Output, word for word, the lines of this listing that fall between the line with "SFD_Roof: Shingles asphalt, Plywood" and the line with "SFD_1946-1970_BasementWallAboveGround: Plaster, Heavy", counting both of those lines, and no others.

BEGIN INPUT RECORDS

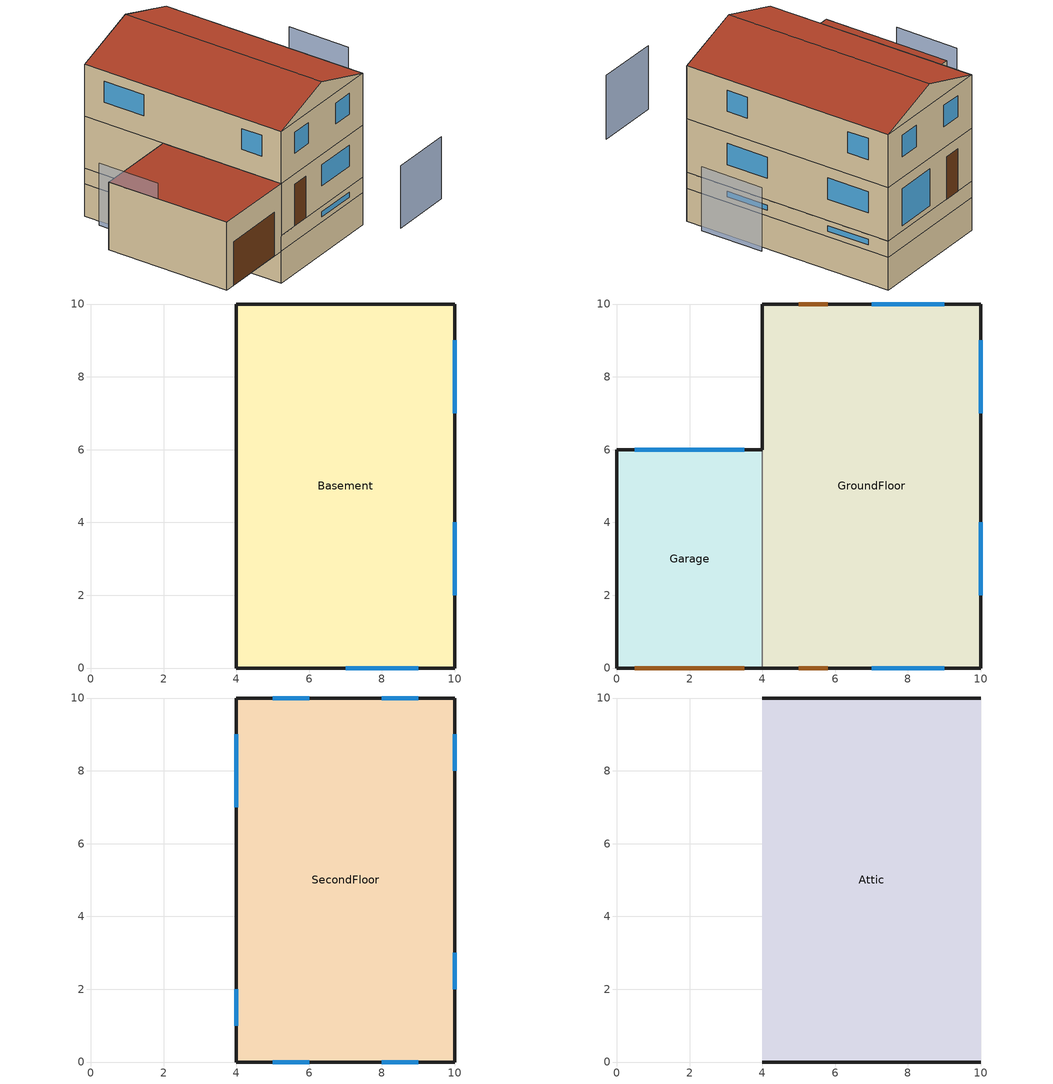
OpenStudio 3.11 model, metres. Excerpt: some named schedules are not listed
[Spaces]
Basement
 floor foundation (SFD_BasementFloor 8): 10,10 10,0 4,0 4,10 z-1.55
 wall outside (Surface 32 c tbd): 10,10 4,10 z0:0.75
 wall outside (Surface 35 c tbd): 10,0 10,10 z0:0.75
 wall outside (Surface 34 c tbd): 4,0 10,0 z0:0.75
 wall outside (Surface 39 c tbd): 4,10 4,6 z0:0.75
 wall to Garage (Surface 33 c tbd): 4,6 4,0 z0:0.75
 wall foundation (SFD_1946-1970_BasementWall): 4,0 10,0 10,10 4,10 4,0 z-1.55:0
 window: 10,2 10,4 / 10,7 10,9 / 7,0 9,0 z0.25:0.5
Garage
 floor ground: 4,6 4,0 0,0 0,6 z0
 wall outside: 4,6 0,6 0,0 4,0 z0:3.25
 wall to GroundFloor: 4,0 4,6 z0.75:3.25
 window: 3.5,6 0.5,6 z2:2.5
 door: 0.5,0 3.5,0 z0:2.1
 roof outside: 4,0 4,6 0,6 0,0 z3.25
GroundFloor
 floor to Basement: 10,10 10,0 4,0 4,10 z0.75
 wall outside (Surface 11 c tbd): 4,10 4,6 z0.75:3.25
 wall outside (Surface 12 c tbd): 10,0 10,10 z0.75:3.25
 wall outside (Surface 13 c tbd): 10,10 4,10 z0.75:3.25
 wall outside (Surface 7 c tbd): 4,0 10,0 z0.75:3.25
 window: 7,0 9,0 / 10,7 10,9 / 10,2 10,4 z1.75:2.75; 9,10 7,10 z1:2.75
 door: 5,0 5.8,0 / 5.8,10 5,10 z0.75:2.75
SecondFloor
 floor to GroundFloor: 10,10 10,0 4,0 4,10 z3.25
 wall outside (Surface 15 c tbd): 4,0 10,0 z3.25:5.75
 wall outside (Surface 17 c tbd): 10,0 10,10 z3.25:5.75
 wall outside (Surface 18 c tbd): 10,10 4,10 z3.25:5.75
 wall outside (Surface 19 c tbd): 4,10 4,0 z3.25:5.75
 window: 5,0 6,0 / 8,0 9,0 / 10,2 10,3 / 10,8 10,9 / 4,9 4,7 / 4,2 4,1 / 9,10 8,10 / 6,10 5,10 z4.25:5.25
Attic
 floor to SecondFloor: 10,10 10,0 4,0 4,10 z5.75
 wall outside: 7,0,6.75 4,0,5.75 10,0,5.75; 7,10,6.75 10,10,5.75 4,10,5.75
 roof outside: 7,10,6.75 4,10,5.75 4,0,5.75 7,0,6.75; 7,0,6.75 10,0,5.75 10,10,5.75 7,10,6.75
shading: 0,3.5 0,6.5 / 10,-4 7,-4 / 14,6.5 14,3.5 z1:4
[Building]
Building 1: Default Construction Set=SFD_1946-1970_ConstructionSet
[Site]
MONTREAL INTL A: Latitude {deg}=45.47; Longitude {deg}=-73.74; Time Zone {hr}=-5; Elevation {m}=36
[ClimateZones]
Climate Zone Institution Name 1=ASHRAE; Climate Zone Document Name 1=ANSI/ASHRAE Standard 169; Climate Zone Document Year 1=2006; Climate Zone Institution Name 2=CEC; Climate Zone Document Name 2=California Climate Zone Descriptions; Climate Zone Document Year 2=1995
[SizingPeriod:DesignDay] Barometric Pressure {Pa}=100893; Rain Indicator=No; Snow Indicator=No; Day of Month=21; Daylight Saving Time Indicator=No; Humidity Condition Type=Wetbulb; Dry-Bulb Temperature Range Modifier Type=DefaultMultipliers
Name | Maximum Dry-Bulb Temperature {C} | Daily Dry-Bulb Temperature Range {deltaC} | Wind Speed {m/s} | Wind Direction {deg} | Sky Clearness | Month | Day Type | Wetbulb or DewPoint at Maximum Dry-Bulb {C} | Solar Model Indicator | ASHRAE Clear Sky Optical Depth for Beam Irradiance | ASHRAE Clear Sky Optical Depth for Diffuse Irradiance
Montreal-Trudeau Intl AP Ann Htg 99.6% Condns DB | -22.9 | 0 | 4.3 | 260 | 0 | 1 | WinterDesignDay | -22.9 | ASHRAEClearSky
Montreal-Trudeau Intl AP Ann Clg .4% Condns DB=>MWB | 30.3 | 8.8 | 5.4 | 230 |  | 7 | SummerDesignDay | 22.1 | ASHRAETau | 0.431 | 2.246
[Construction]
SFD_Furnishing: Wood Furnishing
SFD_IntWall: Gypsum Board, Air Layer 1, Wood frame wall 2x4 uninsulated, Air Layer 1, Gypsum Board
SFD_Window_old-construction: SFD_Window_old-construction
SFD_Door_old-construction: SFD_Door_old-construction
SFD_1946-1970_ExtWall: Cladding-vinyl, Air Layer 1, Plywood, Wood frame wall 2x4 uninsulated, Insulation 70 mm, Air Layer 1, Gypsum Board
SFD_BasementFloor; SFD_BasementFloor 8; SFD_BasementFloor 9; SFD_BasementFloor 10: Heavy Concrete 150 mm
SFD_Roof: Shingles asphalt, Plywood
SFD_1946-1970_AtticFloor: Bulk insulation-cellulose 105 mm, Plywood, Wood frame roof 2x10 insulated, Gypsum Board
SFD_1946-1970_CeilingToAttic: Gypsum Board, Wood frame roof 2x10 insulated, Plywood, Bulk insulation-cellulose 105 mm
SFD_1946-1970_BasementWall: Heavy Concrete 200 mm, Insulation panel 55 mm, Gypsum Board
SFD_1946-1970_BasementWallAboveGround: Plaster, Heavy Concrete 200 mm, Insulation panel 55 mm, Air Layer 1, Gypsum Board
SFD_IntFloor: Wood Flooring, Plywood, Wood frame roof 2x10 uninsulated, Gypsum Board
SFD_IntCeiling: Gypsum Board, Wood frame roof 2x10 uninsulated, Plywood, Wood Flooring
SFD_GarageWall: Cladding-vinyl, Air Layer 1, Plywood, Wood frame wall 2x4 insulated, Air Layer 1, Gypsum Board
SFD_Garage_Roof: Shingles asphalt, Plywood, Air Layer 1, Wood frame roof 2x10 insulated, Gypsum Board
SFD_Garage_CeilingToAttic: Gypsum Board, Wood frame roof 2x10 insulated, Plywood
SFD_pre1945_BasementWall: Heavy Concrete 200 mm, Insulation panel 45 mm, Air Layer 1, Gypsum Board
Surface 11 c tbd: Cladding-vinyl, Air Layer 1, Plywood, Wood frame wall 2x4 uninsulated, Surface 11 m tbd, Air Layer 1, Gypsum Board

END INPUT RECORDS

__RESPONSE TO THE TASK__:
SFD_Roof: Shingles asphalt, Plywood
SFD_1946-1970_AtticFloor: Bulk insulation-cellulose 105 mm, Plywood, Wood frame roof 2x10 insulated, Gypsum Board
SFD_1946-1970_CeilingToAttic: Gypsum Board, Wood frame roof 2x10 insulated, Plywood, Bulk insulation-cellulose 105 mm
SFD_1946-1970_BasementWall: Heavy Concrete 200 mm, Insulation panel 55 mm, Gypsum Board
SFD_1946-1970_BasementWallAboveGround: Plaster, Heavy Concrete 200 mm, Insulation panel 55 mm, Air Layer 1, Gypsum Board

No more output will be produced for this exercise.